Your mince pies look wonderful and I am sure your ,"mince pies," look wonderful too Jean. A little Cockney Rhyming Slang joke there amongst us Brits. The way you display your pies might refer to the Cockney slang. Was that intentional?Ha! Ha!
Yes, us lot over here can't have Christmas without mince pies.

Jean | DelightfulRepast.com said...

Tony, how funny! And, you know what, it *might* have been intentional in a subconscious way -- I *had* just decided to start re-watching the old Good Neighbors/Good Life series and was thinking about the fake Cockney character! Will you be baking the mince pies for you lot?

Lea Ann (Cooking On The Ranch) said...

My mom used to make mince meat pies all the time and I've been wanting to make one.
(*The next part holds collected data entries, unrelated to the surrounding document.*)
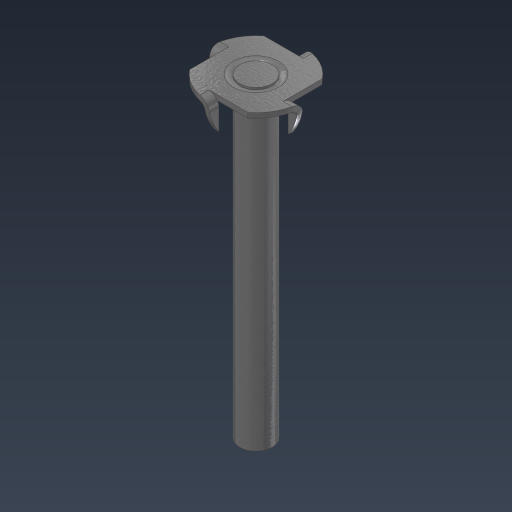
# Autodesk Inventor part: Nakrętka pazurkowa MX-01
Saved by Autodesk Inventor 2023 (Build 270158000, 158)
## iProperties
Created: 2014-02-02
Part Number: Nakrętka pazurkowa MX-01
Material: Stal, galwanizowana
Document SubType Name: Konstrukcja blachowa
Designer: Wojtek
Density: 7.85 g/cm^3
Sheet Metal Rule: Default
Mass: 2.61776 g
Surface Area: 7.7757 cm^2
Volume: 0.333472 cm^3
Appearance: Galwanizowane
Author: Wojtek
Autodesk Inventor part; units mm, degrees
ref_plane "YZ Plane" through (0, 0, 0) normal (1, 0, 0) x (0, 1, 0)
ref_plane "XZ Plane" through (0, 0, 0) normal (0, 1, 0) x (-1, 0, 0)
ref_plane "XY Plane" through (0, 0, 0) normal (0, 0, 1) x (1, 0, 0)
sketch "Szkic1" plane through (0, 0, 0) normal (1, 0, 0) x (0, 1, 0)
  line L0 (0, 0) -> (0, 6.048)
  line L1 (7.5, 8) -> (7.5, 7.2)
  line L2 (7.5, 7.2) -> (3.6, 7.2)
  line L3 (2.6, 6.2) -> (2.6, 0)
  line L4 (2.6, 0) -> (1.8, 0)
  line L5 (1.8, 0) -> (1.8, 6.2)
  line L6 (3.6, 8) -> (7.5, 8)
  arc A0 (3.6, 7.2) -> (2.6, 6.2) centre (3.6, 6.2) ccw
  arc A1 (3.6, 8) -> (1.8, 6.2) centre (3.6, 6.2) ccw
  dimension "a" = 0.8
  dimension "D" = 15
  dimension "L1" = 8
  dimension "d1" = 5.2
  dimension "r" = 1
  dimension "d6" = 1.8
  constraints: 14 end point, 5 parallel, 4 point on circle, 4 tangent, 2 centre point, 2 perpendicular, 1 horizontal alignment, 1 vertical
  measures "a" distance of L1.start L1.end
  measures "D" diameter of L1 L0
  measures "L1" distance between parallel lines of L4 L6
  measures "d1" diameter of L3 L0
  measures "r" radius of A0
  measures "d6" radius of A1
revolve "Obrót1" add sketch "Szkic1" angle 360 about axis through (0, 0, 0) along (0, 0, 1)
sketch "Szkic2" plane through (0, 0, 8) normal (0, 0, 1) x (1, 0, 0)
  circle A0 centre (0, 0) radius 7.5 projected
  line L0 (-4.6303, 5.9) -> (0, 5.9)
  line L1 (0, 5.9) -> (0, 7.5)
  dimension "d32" = 1.6
  constraints: 4 end point, 2 point on circle, 1 horizontal, 1 perpendicular, 1 vertical alignment
  measures "d32" distance of L0.end L1.end
extrude "Wyciągnięcie proste3" cut sketch "Szkic2" against normal blind 10 contours L1 L0 A0 picked at (-2.6164, 6.1914)
sketch "Szkic7" plane through (-4.6303, 5.9, 8) normal (0, 0, 1) x (1, 0, 0)
  arc A0 (0, 0) -> (4.6303, 1.6) centre (4.6303, -5.9) ccw projected
  line L0 (4.6303, 1.6) -> (4.6303, 0) projected
  line L1 (4.6303, 0) -> (5.4303, 0)
  line L2 (5.4303, 0) -> (5.4303, 1.5572)
  dimension "d20" = 0.8
  constraints: 4 end point, 1 perpendicular, 1 point on circle, 1 vertical
  measures "d20" distance of L0.end L1.end
extrude "Wyciągnięcie proste4" add sketch "Szkic7" against normal blind 5
sketch "Szkic9" plane through (0, 0, 0) normal (1, 0, 0) x (0, 1, 0)
  line L0 (7.5, 3) -> (7.5, 8) projected
  line L1 (5.9, 3) -> (7.5, 3) projected
  line L2 (0, 9.6) -> (0, -1.6) projected
  arc A0 (5.9, 3) -> (7.5, 8) centre (-1.1125, 8) ccw
  point P0 (0, 0)
  constraints: 2 point on circle, 1 centre point, 1 horizontal alignment
revolve "Obrót3" cut sketch "Szkic9" angle 360 about axis through (0, 0, 3.1) along (0, 0, -1)
fillet "Zaokrąglenie1" radius 1.6 1 edges at (0, 6.7, 8)
fillet "Zaokrąglenie2" radius 0.8 1 edges at (0.8, 6.6599, 7.2)
pattern_circular "Szyk kołowy1" count 4 over 360 about axis through (0, 0, 3.1) along (0, 0, -1) of "Wyciągnięcie proste3", "Wyciągnięcie proste4", "Zaokrąglenie1", "Zaokrąglenie2", "Obrót3"
thread "Gwint1" size "M4x0.7" class "6H" standard "ANSI Metric M Profile" full length
sketch "Sketch10" plane through (-4.6303, 5.9, 8) normal (0, 0, 1) x (1, 0, 0)
  circle A0 centre (4.6303, -5.9) radius 2.6 projected
extrude "Extrusion5" add sketch "Sketch10" against normal blind 50
equation "\"d6\" = r + a"
equation "\"d32\" = 2 * a"
equation "\"d20\" = a"
equation "\"d24\" = 2 * a"
equation "\"d25\" = a"
equation "\"Grubość\" = a"
equation "\"PromieńGięcia\" = Grubość"
equation "\"SzerokośćGięciaPodcięcia\" = Grubość"
equation "\"GłębokośćGięciaPodcięcia\" = 0.5 * Grubość"
equation "\"RozmiarPodcięciaNarożnika\" = 4 * Grubość"
equation "\"MinimalnaPozostałość\" = 2 * Grubość"
equation "\"PromieńPrzejścia\" = PromieńGięcia"
equation "\"Rozmiar_promienia_Jacobiego\" = Grubość"
equation "\"Wielk_odstępu\" = Grubość"

It's been years since I've had one. I love that pie pan, makes such beautiful little treats. Thanks so much for sharing this. Pinning for when I can find time to order that pan and make these pies. Merry Christmas

Jean | DelightfulRepast.com said...

Thank you, Lea Ann! I do hope you will make them soon and let me know how they turned out for you. Wishing you a wonderful 2016!

Big Rigs 'n Lil' Cookies said...

I've seen so many photo's lately for Mincemeat Pies, and they always look so perfect! Honestly, I have never known what makes "Mincemeat", so I really enjoyed this post/recipe and getting to learn what exactly it is. It really sounds delicious, and I can see why it is so popular!

Jean | DelightfulRepast.com said...

Thank you, Lil' Cookies! You're not alone -- the name "mincemeat" makes a lot of people wonder what sort of strange concoction it is!